Step S25: disturbance r to be iterated in turnⁿAdding the image x to obtain a confrontation sample x of the current iterationⁿ。

4. The black-box attack method for query-based medical image segmentation neural network as claimed in claim 3, wherein the iteration termination conditions in step S3 specifically include "reaching the maximum number of allowed queries" and "all foreground pixels in the confrontation sample are classified as wrong categories", and the iteration can be terminated as long as any one of the iteration termination conditions is satisfied.

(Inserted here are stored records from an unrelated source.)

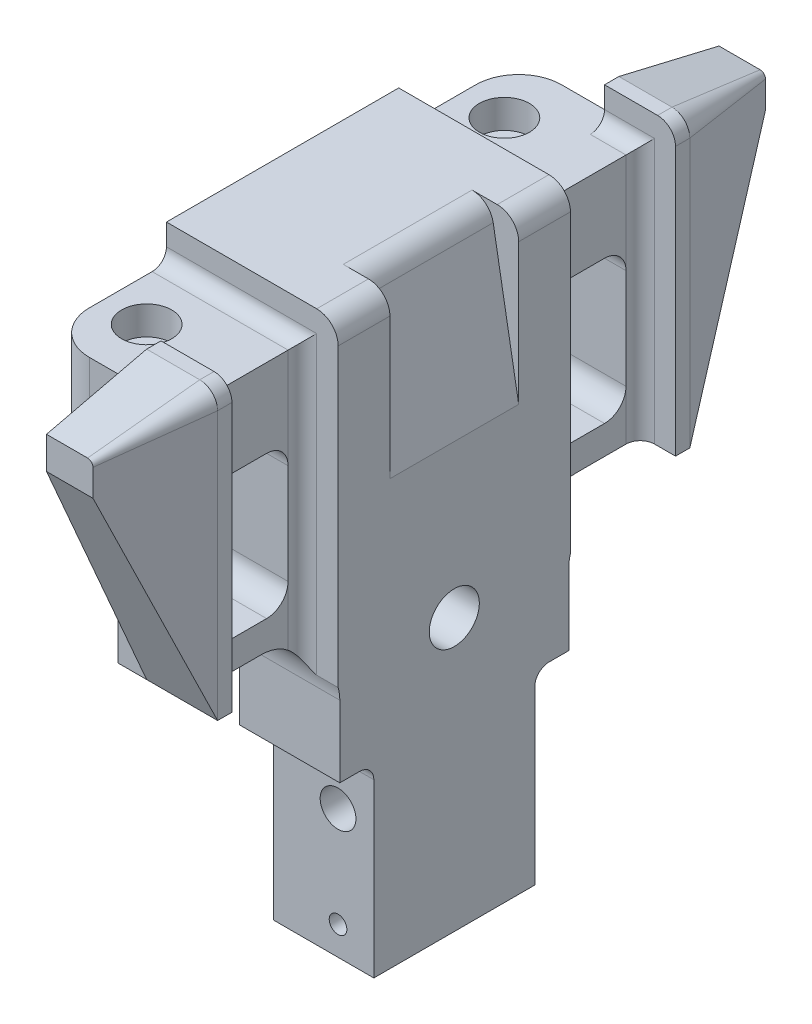
SolidWorks part; units mm, degrees
material "Nylatron"
ref_plane "Front Plane" through (0, 0, 0) normal (0, 0, 1) x (1, 0, 0)
ref_plane "Top Plane" through (0, 0, 0) normal (0, 1, 0) x (1, 0, 0)
ref_plane "Right Plane" through (0, 0, 0) normal (1, 0, 0) x (0, 0, -1)
sketch "Sketch1" plane through (0, 0, 0) normal (0, 0, 1) x (1, 0, 0)
  line L1 (-19.05, 65.0875) -> (19.05, 65.0875)
  line L2 (-19.05, 65.0875) -> (-19.05, -65.0875)
  line L3 (-19.05, -65.0875) -> (19.05, -65.0875)
  line L4 (19.05, 65.0875) -> (19.05, -65.0875)
  line L5 (-19.05, 65.0875) -> (19.05, -65.0875) construction
  line L6 (-19.05, -65.0875) -> (19.05, 65.0875) construction
  point P0 (0, 0)
  dimension "Width" = 38.1
  dimension "Height" = 130.175
extrude "Extrude1" add sketch "Sketch1" along normal mid plane 149.225
sketch "Sketch3" plane through (-19.05, 0, 0) normal (-1, 0, 0) x (0, 0, 1)
  line L0 (74.6125, 65.0875) -> (-74.6125, 65.0875) construction
  line L1 (-52.3875, 65.0875) -> (-74.6125, 59.836)
  line L2 (-74.6125, 59.836) -> (-74.6125, 65.0875)
  line L4 (-74.6125, 65.0875) -> (-52.3875, 65.0875)
  dimension "D1" = 5.2515
  dimension "D2" = 22.225
extrude "Cut-Extrude2" cut sketch "Sketch3" against normal through all
sketch "Sketch4" plane through (0, 65.0875, 0) normal (0, 1, 0) x (1, 0, 0)
  line L1 (13.4937, 74.6125) -> (18.923, 52.3875)
  line L3 (18.923, 52.3875) -> (18.923, 49.2125)
  line L5 (14.2875, 49.2125) -> (18.923, 49.2125)
  line L7 (11.1125, 28.9433) -> (11.1125, 46.0375)
  line L9 (14.2875, 25.7683) -> (19.05, 25.7683)
  line L10 (19.05, -74.6125) -> (19.05, 52.3875) construction
  line L11 (19.05, 74.6125) -> (13.4937, 74.6125)
  line L13 (19.05, 74.6125) -> (19.05, 25.7683)
  line L14 (19.05, 74.6125) -> (-19.05, 74.6125) construction
  arc A0 (11.1125, 28.9433) -> (14.2875, 25.7683) centre (14.2875, 28.9433) ccw
  arc A1 (11.1125, 46.0375) -> (14.2875, 49.2125) centre (14.2875, 46.0375) cw
  dimension "D1" = 3.175
  dimension "D2" = 7.9375
  dimension "D3" = 48.8442
  dimension "D4" = 23.4442
  dimension "D5" = 0.127
  dimension "D6" = 5.5562
  dimension "D7" = 22.225
extrude "Cut-Extrude3" cut sketch "Sketch4" against normal through all
ref_plane "Plane1" through (0, 0, -52.3875) normal (0, 0, 1) x (1, 0, 0)
sketch "Sketch9" plane through (0, 0, -52.3875) normal (0, 0, 1) x (1, 0, 0)
  line L0 (18.923, 65.0875) -> (-19.05, 65.0875) construction
  line L1 (18.923, -65.0875) -> (18.923, 65.0875) construction
  line L2 (18.923, 65.0875) -> (14.9542, 65.0875)
  line L3 (18.923, 61.1187) -> (18.923, 65.0875)
  arc A1 (18.923, 61.1187) -> (14.9542, 65.0875) centre (14.9542, 61.1187) ccw
  dimension "D1" = 7.9375
sketch "Sketch10" plane through (0, 0, -74.6125) normal (0, 0, -1) x (-1, 0, 0)
  line L0 (-13.4937, 59.836) -> (19.05, 59.836) construction
  line L1 (-13.4937, -65.0875) -> (-13.4937, 59.836) construction
  line L2 (-13.4937, 58.6422) -> (-13.4937, 59.836)
  line L3 (-13.4937, 59.836) -> (-12.2999, 59.836)
  arc A0 (-12.2999, 59.836) -> (-13.4937, 58.6422) centre (-12.2999, 58.6422) ccw
  dimension "D1" = 2.3876
loft "Cut-Loft1" cut profiles "Sketch10", "Sketch9" connector at (12.3, 59.8361, -74.6125) connector at (14.9543, 65.0875, -52.3875)
mirror "Mirror1" about plane through (0, 0, 0) normal (0, 0, 1) of "Cut-Loft1", "Cut-Extrude2", "Cut-Extrude3"
sketch "Sketch5" plane through (19.05, 0, 0) normal (1, 0, 0) x (0, 0, -1)
  line L0 (-25.7683, 65.0875) -> (25.7683, 65.0875) construction
  line L1 (74.6125, -65.0875) -> (25.4, -65.0875)
  line L2 (74.6125, -65.0875) -> (74.6125, 1.5875)
  line L3 (74.6125, 1.5875) -> (34.925, 1.5875)
  line L4 (25.4, -65.0875) -> (25.4, -7.9375)
  line L5 (-74.6125, -65.0875) -> (-25.4, -65.0875)
  line L6 (-74.6125, -65.0875) -> (-74.6125, 1.5875)
  line L7 (-74.6125, 1.5875) -> (-34.925, 1.5875)
  line L8 (-25.4, -65.0875) -> (-25.4, -7.9375)
  line L10 (-25.7683, -65.0875) -> (25.7683, -65.0875) construction
  line L11 (-25.4, -7.9375) -> (25.4, -7.9375) construction
  line L12 (0, 0) -> (0, -7.9375) construction
  arc A0 (34.925, 1.5875) -> (25.4, -7.9375) centre (34.925, -7.9375) ccw
  arc A1 (-34.925, 1.5875) -> (-25.4, -7.9375) centre (-34.925, -7.9375) cw
  dimension "D3" = 9.525
  dimension "D1" = 50.8
  dimension "D2" = 63.5
extrude "Cut-Extrude4" cut sketch "Sketch5" against normal through all
sketch "Sketch8" plane through (0, 0, 0) normal (0, 0, 1) x (1, 0, 0)
  line L0 (19.05, 65.0875) -> (12.7, 65.0875)
  line L1 (14.9542, 65.0875) -> (-19.05, 65.0875) construction
  line L2 (12.7, 65.0875) -> (19.05, 29.0749)
  line L3 (19.05, -65.0875) -> (19.05, -7.9375) construction
  line L4 (19.05, 29.0749) -> (19.05, 65.0875)
  dimension "D1" = 10
  dimension "D2" = 6.35
extrude "Cut-Extrude7" cut sketch "Sketch8" against normal mid plane 28.575
fillet "Fillet1" radius 4.7625 1 edges at (12.7, 65.0875, 0)
fillet "Fillet2" radius 4.7625 2 edges at (19.05, 65.0875, -20.0279) (19.05, 65.0875, 20.0279)
fillet "Fillet5" radius 3.9688 1 edges at (18.923, 65.0875, -50.8) tangent propagation no
sketch "Sketch11" plane through (19.05, 0, 0) normal (1, 0, 0) x (0, 0, -1)
  line L1 (25.4, -65.0875) -> (17.8562, -65.0875)
  line L2 (25.4, -65.0875) -> (25.4, -23.8125)
  line L3 (25.4, -23.8125) -> (21.0312, -23.8125)
  line L4 (17.8562, -65.0875) -> (17.8562, -26.9875)
  line L5 (-25.4, -65.0875) -> (-17.8562, -65.0875)
  line L6 (-25.4, -65.0875) -> (-25.4, -23.8125)
  line L7 (-25.4, -23.8125) -> (-21.0312, -23.8125)
  line L8 (-17.8562, -65.0875) -> (-17.8562, -26.9875)
  arc A0 (21.0312, -23.8125) -> (17.8562, -26.9875) centre (21.0312, -26.9875) ccw
  arc A1 (-21.0312, -23.8125) -> (-17.8562, -26.9875) centre (-21.0312, -26.9875) cw
  dimension "D3" = 3.175
  dimension "D1" = 7.5438
  dimension "D2" = 41.275
extrude "Cut-Extrude8" cut sketch "Sketch11" against normal through all
hole_wizard "5/16 (0.3125) Diameter Hole1" positions "Sketch15" profile "Sketch16" hole size "5/16" standard "ANSI Inch"
sketch "Sketch15" plane through (0, 0, -17.8562) normal (0, 0, -1) x (-1, 0, 0)
  line L0 (19.05, -65.0875) -> (-19.05, -65.0875) construction
  line L1 (-19.05, -26.9875) -> (-19.05, -65.0875) construction
  point P0 (-11.1125, -36.5125)
  dimension "D1" = 28.575
  dimension "D2" = 7.9375
sketch "Sketch16" plane through (11.1125, -36.5125, -17.8562) normal (1, 0, 0) x (0, 1, 0)
  line L0 (0, 0) -> (0, 14.0687)
  line L1 (0, 14.0687) -> (3.9687, 11.684)
  line L2 (3.9687, 11.684) -> (3.9687, 0)
  line L5 (3.9687, 0) -> (0, 0)
  line L10 (0, 14.0687) -> (-3.9688, 11.684) construction
  line L11 (0, -6.35) -> (0, 107.95) construction
  dimension "Hole Dia." = 7.9375
  dimension "Hole Depth" = 11.684
  dimension "Drill Angle" = 118
hole_wizard "#23 (0.154) Diameter Hole1" positions "Sketch17" profile "Sketch18" hole size "#23" standard "ANSI Inch"
sketch "Sketch17" plane through (0, 0, -17.8562) normal (0, 0, -1) x (-1, 0, 0)
  line L0 (19.05, -65.0875) -> (-19.05, -65.0875) construction
  line L1 (-19.05, -26.9875) -> (-19.05, -65.0875) construction
  point P0 (-11.1125, -58.7375)
  dimension "D1" = 6.35
  dimension "D2" = 7.9375
sketch "Sketch18" plane through (11.1125, -58.7375, -17.8562) normal (1, 0, 0) x (0, 1, 0)
  line L0 (0, 0) -> (0, 12.8592)
  line L1 (0, 12.8592) -> (1.9558, 11.684)
  line L2 (1.9558, 11.684) -> (1.9558, 0)
  line L5 (1.9558, 0) -> (0, 0)
  line L10 (0, 12.8592) -> (-1.9558, 11.684) construction
  line L11 (0, -6.35) -> (0, 107.95) construction
  dimension "Hole Dia." = 3.9116
  dimension "Hole Depth" = 11.684
  dimension "Drill Angle" = 118
hole_wizard "#23 (0.154) Diameter Hole2" positions "Sketch19" profile "Sketch20" hole size "#23" standard "ANSI Inch"
sketch "Sketch19" plane through (0, 0, 17.8562) normal (0, 0, 1) x (1, 0, 0)
  point P0 (11.1125, -58.7375)
sketch "Sketch20" plane through (11.1125, -58.7375, 17.8562) normal (1, 0, 0) x (0, -1, 0)
  line L0 (0, 0) -> (0, 12.8592)
  line L1 (0, 12.8592) -> (1.9558, 11.684)
  line L2 (1.9558, 11.684) -> (1.9558, 0)
  line L5 (1.9558, 0) -> (0, 0)
  line L10 (0, 12.8592) -> (-1.9558, 11.684) construction
  line L11 (0, -6.35) -> (0, 107.95) construction
  dimension "Hole Dia." = 3.9116
  dimension "Hole Depth" = 11.684
  dimension "Drill Angle" = 118
hole_wizard "5/16 (0.3125) Diameter Hole2" positions "Sketch21" profile "Sketch22" hole size "5/16" standard "ANSI Inch"
sketch "Sketch21" plane through (0, 0, 17.8562) normal (0, 0, 1) x (1, 0, 0)
  point P0 (11.1125, -36.5125)
sketch "Sketch22" plane through (11.1125, -36.5125, 17.8562) normal (1, 0, 0) x (0, -1, 0)
  line L0 (0, 0) -> (0, 14.0687)
  line L1 (0, 14.0687) -> (3.9687, 11.684)
  line L2 (3.9687, 11.684) -> (3.9687, 0)
  line L5 (3.9687, 0) -> (0, 0)
  line L10 (0, 14.0687) -> (-3.9688, 11.684) construction
  line L11 (0, -6.35) -> (0, 107.95) construction
  dimension "Hole Dia." = 7.9375
  dimension "Hole Depth" = 11.684
  dimension "Drill Angle" = 118
sketch "Sketch23" plane through (18.923, 0, 0) normal (1, 0, 0) x (0, 0, -1)
  line L0 (25.7683, -5.3144) -> (25.7683, 65.0875) construction
  line L1 (28.9433, 57.15) -> (46.0375, 57.15)
  line L2 (25.7683, 60.325) -> (25.7683, 65.0875)
  line L3 (25.7683, 65.0875) -> (49.2125, 65.0875)
  line L4 (49.2125, 60.325) -> (49.2125, 65.0875)
  line L5 (14.2875, 65.0875) -> (25.7683, 65.0875) construction
  line L6 (49.2125, 65.0875) -> (52.3875, 65.0875) construction
  line L7 (49.2125, 1.5875) -> (49.2125, 61.1187) construction
  line L8 (-25.7683, -5.3144) -> (-25.7683, 60.325) construction
  line L9 (-49.2125, 65.0875) -> (-25.7683, 65.0875)
  line L10 (-49.2125, 65.0875) -> (-49.2125, 60.325)
  line L11 (-46.0375, 57.15) -> (-28.9433, 57.15)
  line L12 (-25.7683, 65.0875) -> (-25.7683, 60.325)
  arc A0 (46.0375, 57.15) -> (49.2125, 60.325) centre (46.0375, 60.325) ccw
  arc A1 (28.9433, 57.15) -> (25.7683, 60.325) centre (28.9433, 60.325) cw
  arc A2 (-28.9433, 57.15) -> (-25.7683, 60.325) centre (-28.9433, 60.325) ccw
  arc A3 (-49.2125, 60.325) -> (-46.0375, 57.15) centre (-46.0375, 60.325) ccw
  point P9 (49.2125, 57.15)
  point P12 (25.7683, 57.15)
  point P27 (-25.7683, 57.15)
  dimension "D2" = 3.175
  dimension "D3" = 3.175
  dimension "D1" = 7.9375
extrude "Cut-Extrude10" cut sketch "Sketch23" against normal through all
fillet "Fillet8" radius 3.9688 1 edges at (18.923, 65.0875, 50.8)
sketch "Sketch24" plane through (0, 0, 74.6125) normal (0, 0, 1) x (1, 0, 0)
  line L0 (-19.05, 59.836) -> (-19.05, 1.5875) construction
  line L1 (-19.05, 39.6875) -> (0, 39.6875)
  line L2 (-19.05, 39.6875) -> (-19.05, -65.0875)
  line L3 (-19.05, -65.0875) -> (3.175, -65.0875)
  line L4 (3.175, 36.5125) -> (3.175, -65.0875)
  line L5 (-19.05, -65.0875) -> (19.05, -65.0875) construction
  line L6 (14.9542, 65.0875) -> (-19.05, 65.0875) construction
  line L7 (19.05, -5.3144) -> (19.05, 60.325) construction
  arc A0 (0, 39.6875) -> (3.175, 36.5125) centre (0, 36.5125) cw
  dimension "D3" = 3.175
  dimension "D1" = 25.4
  dimension "D2" = 15.875
extrude "Cut-Extrude11" cut sketch "Sketch24" against normal through all
sketch "Sketch26" plane through (0, 65.0875, 0) normal (0, 1, 0) x (1, 0, 0)
  line L1 (-19.05, -74.6125) -> (3.175, -74.6125)
  line L2 (-19.05, -74.6125) -> (-19.05, -52.3875)
  line L3 (-19.05, -52.3875) -> (3.175, -52.3875)
  line L4 (3.175, -74.6125) -> (3.175, -52.3875)
  line L5 (-19.05, 74.6125) -> (3.175, 74.6125)
  line L6 (-19.05, 74.6125) -> (-19.05, 52.3875)
  line L7 (-19.05, 52.3875) -> (3.175, 52.3875)
  line L8 (3.175, 74.6125) -> (3.175, 52.3875)
  point P7 (3.175, -52.3875)
  dimension "D3" = 22.225
  dimension "D1" = 22.225
  dimension "D2" = 22.225
extrude "Cut-Extrude13" cut sketch "Sketch26" against normal through all
sketch "Sketch27" plane through (-19.05, 0, 0) normal (-1, 0, 0) x (0, 0, 1)
  line L1 (46.0375, 57.15) -> (52.3875, 57.15)
  line L2 (46.0375, 57.15) -> (46.0375, 65.0875)
  line L3 (46.0375, 65.0875) -> (52.3875, 65.0875)
  line L4 (52.3875, 57.15) -> (52.3875, 65.0875)
  line L6 (-52.3875, 65.0875) -> (-46.0375, 65.0875)
  line L7 (-52.3875, 65.0875) -> (-52.3875, 57.15)
  line L8 (-52.3875, 57.15) -> (-46.0375, 57.15)
  line L9 (-46.0375, 65.0875) -> (-46.0375, 57.15)
extrude "Cut-Extrude14" cut sketch "Sketch27" against normal up to surface (22.225 mm away) up to face at (3.175, 1.9604, 0)
hole_wizard "CBORE for 1/4 Socket Head Cap Screw2" positions "Sketch32" profile "Sketch33" counterbore size "1/4" standard "ANSI Inch" end condition up to next
sketch "Sketch32" plane through (19.05, 0, 0) normal (1, 0, 0) x (0, 0, -1)
  line L1 (14.2875, 65.0875) -> (25.7683, 65.0875) construction
  point P0 (0, -4.7625)
  dimension "D1" = 69.85
sketch "Sketch33" plane through (19.05, -4.7625, 0) normal (0, 1, 0) x (0, 0, -1)
  line L0 (0, 0) -> (0, 15.875)
  line L1 (0, 15.875) -> (3.3782, 15.875)
  line L3 (3.3782, 15.875) -> (3.3782, 9.525)
  line L4 (3.3782, 9.525) -> (5.5562, 9.525)
  line L5 (5.5562, 9.525) -> (5.5563, 0)
  line L7 (5.5563, 0) -> (0, 0)
  line L11 (0, -6.35) -> (0, 107.95) construction
  dimension "Thru Hole Dia." = 6.7564
  dimension "Thru Hole Depth" = 15.875
  dimension "C'Bore Dia." = 11.1125
  dimension "C'Bore Depth" = 9.525
sketch "Sketch34" plane through (3.175, 0, 0) normal (-1, 0, 0) x (0, 0, 1)
  line L0 (-52.3875, 39.6875) -> (52.3875, 39.6875) construction
  line L1 (52.3875, 33.0835) -> (52.3875, 1.5875)
  line L3 (-52.3875, 33.0835) -> (-52.3875, 1.5875)
  line L4 (-52.3875, 39.6875) -> (-52.3875, 57.15) construction
  line L5 (52.3875, 36.5125) -> (52.3875, 57.15) construction
  line L17 (34.925, 1.5875) -> (74.6125, 1.5875)
  line L18 (74.6125, 1.5875) -> (74.6125, 59.836)
  line L19 (74.6125, 59.836) -> (52.3875, 65.0875)
  line L20 (52.3875, 65.0875) -> (49.2125, 65.0875)
  line L21 (49.2125, 65.0875) -> (49.2125, 60.325)
  line L22 (46.0375, 57.15) -> (52.3875, 57.15)
  line L23 (52.3875, 57.15) -> (52.3875, 36.5125)
  line L24 (52.3875, 36.5125) -> (-52.3875, 36.5125)
  line L25 (-74.6125, 59.836) -> (-74.6125, 1.5875)
  line L26 (-74.6125, 1.5875) -> (-34.925, 1.5875)
  line L27 (-25.4, -7.9375) -> (-25.4, -23.8125)
  line L28 (-25.4, -23.8125) -> (-21.0312, -23.8125)
  line L29 (-17.8562, -26.9875) -> (-17.8562, -65.0875)
  line L30 (-17.8562, -65.0875) -> (17.8562, -65.0875)
  line L31 (17.8562, -65.0875) -> (17.8562, -26.9875)
  line L32 (21.0312, -23.8125) -> (25.4, -23.8125)
  line L33 (25.4, -23.8125) -> (25.4, -7.9375)
  line L34 (34.925, 1.5875) -> (52.3875, 1.5875)
  line L41 (52.3875, 33.0835) -> (-52.3875, 33.0835)
  line L43 (-52.3875, 1.5875) -> (-34.925, 1.5875)
  line L44 (-25.4, -7.9375) -> (-25.4, -23.8125)
  line L45 (-25.4, -23.8125) -> (-21.0312, -23.8125)
  line L46 (-17.8562, -26.9875) -> (-17.8562, -65.0875)
  line L47 (-17.8562, -65.0875) -> (17.8562, -65.0875)
  line L48 (17.8562, -65.0875) -> (17.8562, -26.9875)
  line L49 (21.0312, -23.8125) -> (25.4, -23.8125)
  line L50 (25.4, -23.8125) -> (25.4, -7.9375)
  line L56 (-52.3875, 36.5125) -> (-52.3875, 57.15)
  line L58 (-52.3875, 65.0875) -> (-74.6125, 59.836)
  line L63 (-52.3875, 57.15) -> (-46.0375, 57.15)
  line L65 (-49.2125, 60.325) -> (-49.2125, 65.0875)
  line L67 (-49.2125, 65.0875) -> (-52.3875, 65.0875)
  circle A0 centre (0, -4.7625) radius 3.3782 construction
  circle A1 centre (0, -4.7625) radius 3.3782
  arc A6 (34.925, 1.5875) -> (25.4, -7.9375) centre (34.925, -7.9375) ccw
  arc A7 (46.0375, 57.15) -> (49.2125, 60.325) centre (46.0375, 60.325) ccw
  arc A9 (-25.4, -7.9375) -> (-34.925, 1.5875) centre (-34.925, -7.9375) ccw
  arc A10 (-17.8562, -26.9875) -> (-21.0312, -23.8125) centre (-21.0312, -26.9875) ccw
  arc A11 (21.0312, -23.8125) -> (17.8562, -26.9875) centre (21.0312, -26.9875) ccw
  arc A12 (34.925, 1.5875) -> (25.4, -7.9375) centre (34.925, -7.9375) ccw
  arc A15 (-25.4, -7.9375) -> (-34.925, 1.5875) centre (-34.925, -7.9375) ccw
  arc A16 (-17.8562, -26.9875) -> (-21.0312, -23.8125) centre (-21.0312, -26.9875) ccw
  arc A17 (21.0312, -23.8125) -> (17.8562, -26.9875) centre (21.0312, -26.9875) ccw
  arc A19 (-49.2125, 60.325) -> (-46.0375, 57.15) centre (-46.0375, 60.325) ccw
  dimension "D2" = 6.604
  dimension "D1" = 0
extrude "Boss-Extrude1" add sketch "Sketch34" along normal blind 6.35
hole_wizard "#8-32 Tapped Hole1" positions "Sketch30" profile "Sketch31" tap size "#8-32" standard "ANSI Inch" end condition up to next
sketch "Sketch30" plane through (-3.175, 0, 0) normal (-1, 0, 0) x (0, 0, 1)
  line L0 (-17.8562, -65.0875) -> (17.8562, -65.0875) construction
  line L1 (17.8562, -26.9875) -> (17.8562, -65.0875) construction
  line L2 (-17.8562, -65.0875) -> (-17.8562, -26.9875) construction
  point P0 (-11.5062, -36.5125)
  point P2 (-11.5062, -58.7375)
  point P4 (11.5062, -36.5125)
  point P6 (11.5062, -58.7375)
  dimension "D1" = 6.35
  dimension "D2" = 28.575
  dimension "D3" = 6.35
  dimension "D4" = 6.35
sketch "Sketch31" plane through (-3.175, -36.5125, -11.5062) normal (0, 1, 0) x (0, 0, 1)
  line L0 (0, 0) -> (0, 10.3187)
  line L1 (0, 10.3187) -> (1.7272, 10.3187)
  line L2 (1.7272, 10.3187) -> (1.7272, 0)
  line L5 (1.7272, 0) -> (0, 0)
  line L11 (0, -6.35) -> (0, 107.95) construction
  dimension "Thru Tap Drill Dia." = 3.4544
  dimension "Thru Tap Drill Depth" = 10.3187
cosmetic thread "Hole Thread5" parameters "D2"=4.1656
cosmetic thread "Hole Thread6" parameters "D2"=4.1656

5. The black-box attack method for query-based medical image segmentation neural network according to claim 4, wherein the objective function is defined as foreground dess coefficient in step S4, label y of picture x is two-dimensional tensor whose height and width are H and W, respectively, and each component is an integer between 1 and Q, where Q represents the total number of pixel classes in x;

the output f (x) obtained by inputting the picture x into the medical image segmentation neural network f is a two-dimensional tensor whose height and width are H and W, respectively, and each component takes a real number between 0 and 1, and represents the highest confidence of each pixel in x in 1 to Q categories, specifically:

y∈{1,2,...,Q}^H×W，f(x)∈[0,1]^H×W

the foreground dess coefficient on picture x is:

wherein x_ijI rows and j columns of pixels representing picture x;

the step S4 specifically includes:

step S41: computing a confrontation sample xⁿAnd will be (x)ⁿ,FD(f(xⁿ) Y)) into an experience pool, where xⁿRepresenting the confrontational sample constructed in the round of iteration;

wherein x^n-kRepresenting the constructed confrontation sample in the n-k iterations;

wherein

And

respectively representing the mathematical expectation pair perturbation mode of the foreground Splace coefficient FD on the perturbation mode distribution DThe gradient of the parameters μ and C of the formula distribution; p is a radical of_μ(. and p)_C(. h) edge probability density functions for μ and C, respectively; s^n-kSampling from D for n-k rounds of iteration and carrying out Sigmoid function transformation on the sampled points;

step S44: parameters μ and C of D are updated using a gradient ascent method:

wherein alpha is_μAnd alpha_CThe learning rates adopted by the gradient ascent method for μ and C, respectively, are expressed by the above two equations, in which the updated parameters on the right side of the arrow are assigned to the parameters before the update on the left side of the arrow.

6. The black box attack method for query-based medical image segmentation neural network according to claim 5, wherein the step S5 specifically includes: if FD (f (x)ⁿ),y)＜FD(f(x^n-1) Y), then r is maintainedⁿUnchanged and returns to step S2, otherwise r isⁿBack off is r^n-1And returns to step S2; then the current iteration number n is added by 1 and the next iteration is entered.